In recent years, there has been a major increase in the use of arbitration in the United States to decide commercial disputes, but those cases involve contracts in which the parties agreed to arbitration, with the outcome generally depending on how factual issues are resolved. TPP arbitrators, by contrast, will decide what is essentially a legal question: whether governmental actions, which are designed to protect our health, safety, environment and economic well-being, are consistent with the TPP. Those protections extend from locally enacted laws like the San Francisco minimum-wage provision, to state statutes and regulatory actions, to laws passed by Congress and decisions of federal regulatory agencies. And under the TPP, as under other trade agreements, decisions of a majority of the arbitrators on compliance with the TPP will not be subject to review in any court, federal or state. Among the other important public policy measures currently being debated that might be the basis for a TPP claim by a foreign investor include water rationing in California, the legality of selling e-cigarettes to minors, and the state regulation of medical facilities performing abortions. If a foreign investor won a TPP arbitration in these situations or the wage increase discussed above, that would not only cost the Treasury, but it would disadvantage American competitors who cannot benefit from TPP arbitrations, unless the offending law were set aside. And if governments feel compelled to set aside such laws in response to adverse rulings, the three arbitrators will effectively have substituted their own judgments for that of the electorate.
Under the TPP, the arbitrators will act like judges, deciding legal questions just as federal judges decide constitutional claims. However, unlike judges appointed under Article III of the Constitution, TPP arbitrators are not appointed by the president or confirmed by the Senate, nor do they have the independence that comes from life tenure. And that presents a significant constitutional issue: Can the president and Congress, consistent with Article III, assign to three private arbitrators the judicial function of deciding the merits of a TPP investor challenge?
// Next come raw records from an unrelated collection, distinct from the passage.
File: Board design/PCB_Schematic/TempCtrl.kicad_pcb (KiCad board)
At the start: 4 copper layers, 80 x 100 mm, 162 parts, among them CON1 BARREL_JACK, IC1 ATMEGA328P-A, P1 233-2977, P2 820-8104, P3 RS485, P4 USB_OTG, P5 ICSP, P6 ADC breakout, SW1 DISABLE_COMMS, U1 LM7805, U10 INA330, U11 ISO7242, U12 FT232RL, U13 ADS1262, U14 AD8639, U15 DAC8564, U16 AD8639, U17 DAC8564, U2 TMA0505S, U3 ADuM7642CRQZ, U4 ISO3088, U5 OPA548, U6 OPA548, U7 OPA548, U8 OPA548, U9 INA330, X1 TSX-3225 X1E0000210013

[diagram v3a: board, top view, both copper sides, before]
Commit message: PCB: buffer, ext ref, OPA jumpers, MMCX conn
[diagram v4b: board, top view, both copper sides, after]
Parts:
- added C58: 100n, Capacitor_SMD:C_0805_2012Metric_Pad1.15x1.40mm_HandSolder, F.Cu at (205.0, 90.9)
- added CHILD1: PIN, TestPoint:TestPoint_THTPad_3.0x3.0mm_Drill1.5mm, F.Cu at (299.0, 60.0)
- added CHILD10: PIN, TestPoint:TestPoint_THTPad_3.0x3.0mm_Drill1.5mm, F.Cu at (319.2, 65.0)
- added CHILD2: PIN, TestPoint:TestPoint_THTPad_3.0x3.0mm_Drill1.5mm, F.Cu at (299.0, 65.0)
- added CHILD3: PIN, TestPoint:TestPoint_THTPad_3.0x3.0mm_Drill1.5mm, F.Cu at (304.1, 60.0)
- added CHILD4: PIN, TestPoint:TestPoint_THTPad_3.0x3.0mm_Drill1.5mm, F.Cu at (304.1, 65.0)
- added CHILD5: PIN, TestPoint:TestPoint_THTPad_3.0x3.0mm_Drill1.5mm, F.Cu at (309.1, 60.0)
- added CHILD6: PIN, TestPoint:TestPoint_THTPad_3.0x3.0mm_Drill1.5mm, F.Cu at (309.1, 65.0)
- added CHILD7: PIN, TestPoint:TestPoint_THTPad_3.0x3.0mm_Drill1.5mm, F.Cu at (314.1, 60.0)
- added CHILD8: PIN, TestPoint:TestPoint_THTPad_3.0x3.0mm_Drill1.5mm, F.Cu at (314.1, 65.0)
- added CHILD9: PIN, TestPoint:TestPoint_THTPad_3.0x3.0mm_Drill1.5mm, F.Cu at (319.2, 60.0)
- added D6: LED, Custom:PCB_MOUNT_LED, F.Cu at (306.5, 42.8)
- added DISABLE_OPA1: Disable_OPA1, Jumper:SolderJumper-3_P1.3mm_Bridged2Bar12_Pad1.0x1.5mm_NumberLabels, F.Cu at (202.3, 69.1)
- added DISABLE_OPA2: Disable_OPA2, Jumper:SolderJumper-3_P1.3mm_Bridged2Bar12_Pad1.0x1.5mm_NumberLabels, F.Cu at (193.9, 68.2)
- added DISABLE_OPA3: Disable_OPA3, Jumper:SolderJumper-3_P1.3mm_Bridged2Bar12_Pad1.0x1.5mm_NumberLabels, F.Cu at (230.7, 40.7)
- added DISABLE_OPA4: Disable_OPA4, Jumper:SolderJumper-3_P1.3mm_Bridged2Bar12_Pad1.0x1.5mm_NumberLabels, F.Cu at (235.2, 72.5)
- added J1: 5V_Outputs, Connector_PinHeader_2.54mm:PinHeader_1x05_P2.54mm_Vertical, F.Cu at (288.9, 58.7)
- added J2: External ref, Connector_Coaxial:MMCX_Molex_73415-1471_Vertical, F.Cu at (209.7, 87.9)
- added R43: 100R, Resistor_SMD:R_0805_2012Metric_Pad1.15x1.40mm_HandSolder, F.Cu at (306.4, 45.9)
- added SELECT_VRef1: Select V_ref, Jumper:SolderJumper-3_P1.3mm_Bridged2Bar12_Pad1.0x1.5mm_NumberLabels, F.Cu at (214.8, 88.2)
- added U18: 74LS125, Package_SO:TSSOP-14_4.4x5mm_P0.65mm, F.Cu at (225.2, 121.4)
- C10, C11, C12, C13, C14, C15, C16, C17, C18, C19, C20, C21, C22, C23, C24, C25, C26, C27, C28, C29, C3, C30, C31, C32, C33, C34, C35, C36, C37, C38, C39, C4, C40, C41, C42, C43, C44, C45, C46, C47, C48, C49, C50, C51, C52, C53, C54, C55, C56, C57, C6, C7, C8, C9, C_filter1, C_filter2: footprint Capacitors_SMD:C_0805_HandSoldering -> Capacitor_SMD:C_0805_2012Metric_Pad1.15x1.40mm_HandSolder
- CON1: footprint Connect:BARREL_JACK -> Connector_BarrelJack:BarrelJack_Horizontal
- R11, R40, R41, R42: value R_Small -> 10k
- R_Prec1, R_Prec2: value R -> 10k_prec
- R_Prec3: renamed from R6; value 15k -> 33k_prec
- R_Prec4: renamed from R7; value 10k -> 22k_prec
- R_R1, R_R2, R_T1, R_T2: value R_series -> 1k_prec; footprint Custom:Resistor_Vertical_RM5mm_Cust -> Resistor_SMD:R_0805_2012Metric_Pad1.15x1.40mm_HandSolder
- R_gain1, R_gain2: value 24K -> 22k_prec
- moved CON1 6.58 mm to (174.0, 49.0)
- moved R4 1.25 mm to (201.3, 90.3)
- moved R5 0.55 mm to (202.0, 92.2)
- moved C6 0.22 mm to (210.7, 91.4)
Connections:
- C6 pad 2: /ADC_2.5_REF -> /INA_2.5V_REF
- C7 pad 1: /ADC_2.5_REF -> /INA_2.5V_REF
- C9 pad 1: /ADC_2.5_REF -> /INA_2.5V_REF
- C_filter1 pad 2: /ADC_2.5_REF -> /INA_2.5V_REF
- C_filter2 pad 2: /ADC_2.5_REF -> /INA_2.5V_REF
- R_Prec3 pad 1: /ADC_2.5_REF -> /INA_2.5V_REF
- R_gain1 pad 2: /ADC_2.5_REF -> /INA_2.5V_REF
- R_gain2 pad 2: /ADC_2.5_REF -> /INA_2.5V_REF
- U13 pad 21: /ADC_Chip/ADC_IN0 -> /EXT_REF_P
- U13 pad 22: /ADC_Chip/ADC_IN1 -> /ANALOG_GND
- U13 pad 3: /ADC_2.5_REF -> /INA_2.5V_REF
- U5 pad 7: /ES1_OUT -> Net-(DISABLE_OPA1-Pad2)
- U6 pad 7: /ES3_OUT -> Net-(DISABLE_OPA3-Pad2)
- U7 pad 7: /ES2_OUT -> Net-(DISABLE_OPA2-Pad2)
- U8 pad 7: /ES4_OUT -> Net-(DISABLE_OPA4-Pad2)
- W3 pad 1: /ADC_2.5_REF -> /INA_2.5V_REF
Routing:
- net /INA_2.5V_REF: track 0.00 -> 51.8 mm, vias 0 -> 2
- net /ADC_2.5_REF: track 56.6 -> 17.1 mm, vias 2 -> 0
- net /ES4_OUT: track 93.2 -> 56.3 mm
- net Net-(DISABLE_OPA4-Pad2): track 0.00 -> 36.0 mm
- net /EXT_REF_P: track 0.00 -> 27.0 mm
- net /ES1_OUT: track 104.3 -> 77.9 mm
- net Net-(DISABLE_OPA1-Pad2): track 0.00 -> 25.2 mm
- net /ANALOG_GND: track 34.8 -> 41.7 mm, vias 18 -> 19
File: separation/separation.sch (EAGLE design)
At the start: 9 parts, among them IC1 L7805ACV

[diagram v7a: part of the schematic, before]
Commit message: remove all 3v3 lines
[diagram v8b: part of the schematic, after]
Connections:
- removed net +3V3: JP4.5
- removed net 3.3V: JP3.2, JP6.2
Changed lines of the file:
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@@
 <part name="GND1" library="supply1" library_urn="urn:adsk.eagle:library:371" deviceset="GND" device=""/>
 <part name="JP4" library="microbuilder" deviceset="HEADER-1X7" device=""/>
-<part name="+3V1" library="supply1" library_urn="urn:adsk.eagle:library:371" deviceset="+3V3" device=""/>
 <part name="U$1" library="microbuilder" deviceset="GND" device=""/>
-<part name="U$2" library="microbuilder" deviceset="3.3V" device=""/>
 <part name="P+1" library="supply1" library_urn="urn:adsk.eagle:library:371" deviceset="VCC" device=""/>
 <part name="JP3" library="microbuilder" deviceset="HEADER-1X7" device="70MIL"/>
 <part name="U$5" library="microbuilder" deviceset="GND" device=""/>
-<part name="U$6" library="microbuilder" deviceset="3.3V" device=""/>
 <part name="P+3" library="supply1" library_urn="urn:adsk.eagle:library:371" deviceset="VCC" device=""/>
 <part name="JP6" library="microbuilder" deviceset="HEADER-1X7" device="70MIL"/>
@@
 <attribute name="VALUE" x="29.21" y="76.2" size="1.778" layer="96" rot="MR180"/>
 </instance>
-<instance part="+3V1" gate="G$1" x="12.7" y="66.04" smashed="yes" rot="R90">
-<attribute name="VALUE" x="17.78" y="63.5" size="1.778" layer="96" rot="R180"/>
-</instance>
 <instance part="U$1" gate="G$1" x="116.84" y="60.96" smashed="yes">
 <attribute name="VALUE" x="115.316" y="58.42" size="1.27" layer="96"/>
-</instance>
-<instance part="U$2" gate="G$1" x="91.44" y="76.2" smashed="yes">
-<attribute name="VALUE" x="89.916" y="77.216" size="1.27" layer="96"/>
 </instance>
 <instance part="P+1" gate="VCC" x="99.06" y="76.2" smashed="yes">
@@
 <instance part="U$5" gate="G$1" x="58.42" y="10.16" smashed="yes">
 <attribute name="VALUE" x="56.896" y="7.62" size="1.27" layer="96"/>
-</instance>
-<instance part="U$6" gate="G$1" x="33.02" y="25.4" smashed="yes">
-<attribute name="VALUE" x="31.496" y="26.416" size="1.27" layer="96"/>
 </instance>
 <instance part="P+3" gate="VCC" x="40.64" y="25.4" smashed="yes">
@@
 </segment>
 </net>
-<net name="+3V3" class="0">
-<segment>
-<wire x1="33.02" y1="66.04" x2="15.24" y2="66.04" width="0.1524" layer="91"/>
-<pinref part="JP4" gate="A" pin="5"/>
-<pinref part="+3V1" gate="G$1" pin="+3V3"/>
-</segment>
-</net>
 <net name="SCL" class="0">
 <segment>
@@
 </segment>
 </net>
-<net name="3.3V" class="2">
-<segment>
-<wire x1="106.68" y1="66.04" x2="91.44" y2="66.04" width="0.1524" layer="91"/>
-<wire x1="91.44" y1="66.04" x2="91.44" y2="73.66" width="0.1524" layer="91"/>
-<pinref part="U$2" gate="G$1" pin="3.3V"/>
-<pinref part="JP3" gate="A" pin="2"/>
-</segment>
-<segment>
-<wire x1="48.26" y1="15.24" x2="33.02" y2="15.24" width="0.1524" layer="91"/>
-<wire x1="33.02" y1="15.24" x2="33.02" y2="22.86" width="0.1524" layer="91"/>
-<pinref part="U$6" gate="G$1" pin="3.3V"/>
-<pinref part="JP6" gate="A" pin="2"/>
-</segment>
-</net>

The Supreme Court has not ruled on this precise question. But the collective reasoning in four of its recent rulings bearing on the issue leans heavily toward a finding of unconstitutionality. The Court has placed significant limits on the ability of Congress to assign the power to decide cases traditionally handled by the courts to people other than Article III judges, even when the judicial substitutes are full-time federal officials, such as bankruptcy judges or the heads of federal agencies. Moreover, in each case in which the Court approved of a dispute being taken away from federal judges, there was judicial review at the end of the process, which is not the case with TPP. Moreover, although the Justice Department issued a lengthy opinion in 1995 on when arbitration can be used to replace court adjudication, it did not then, and has not since then, defended the constitutionality of arbitration provisions like those in the proposed TPP.

As it presses for the passage of TPP, the administration needs to explain how the Constitution allows the United States to agree to submit the validity of its federal, state, and local laws to three private arbitrators, with no possibility of review by any U.S. court. Otherwise, it risks securing a trade agreement that won’t survive judicial scrutiny, or, even worse, which will undermine the structural protections that an independent federal judiciary was created to ensure.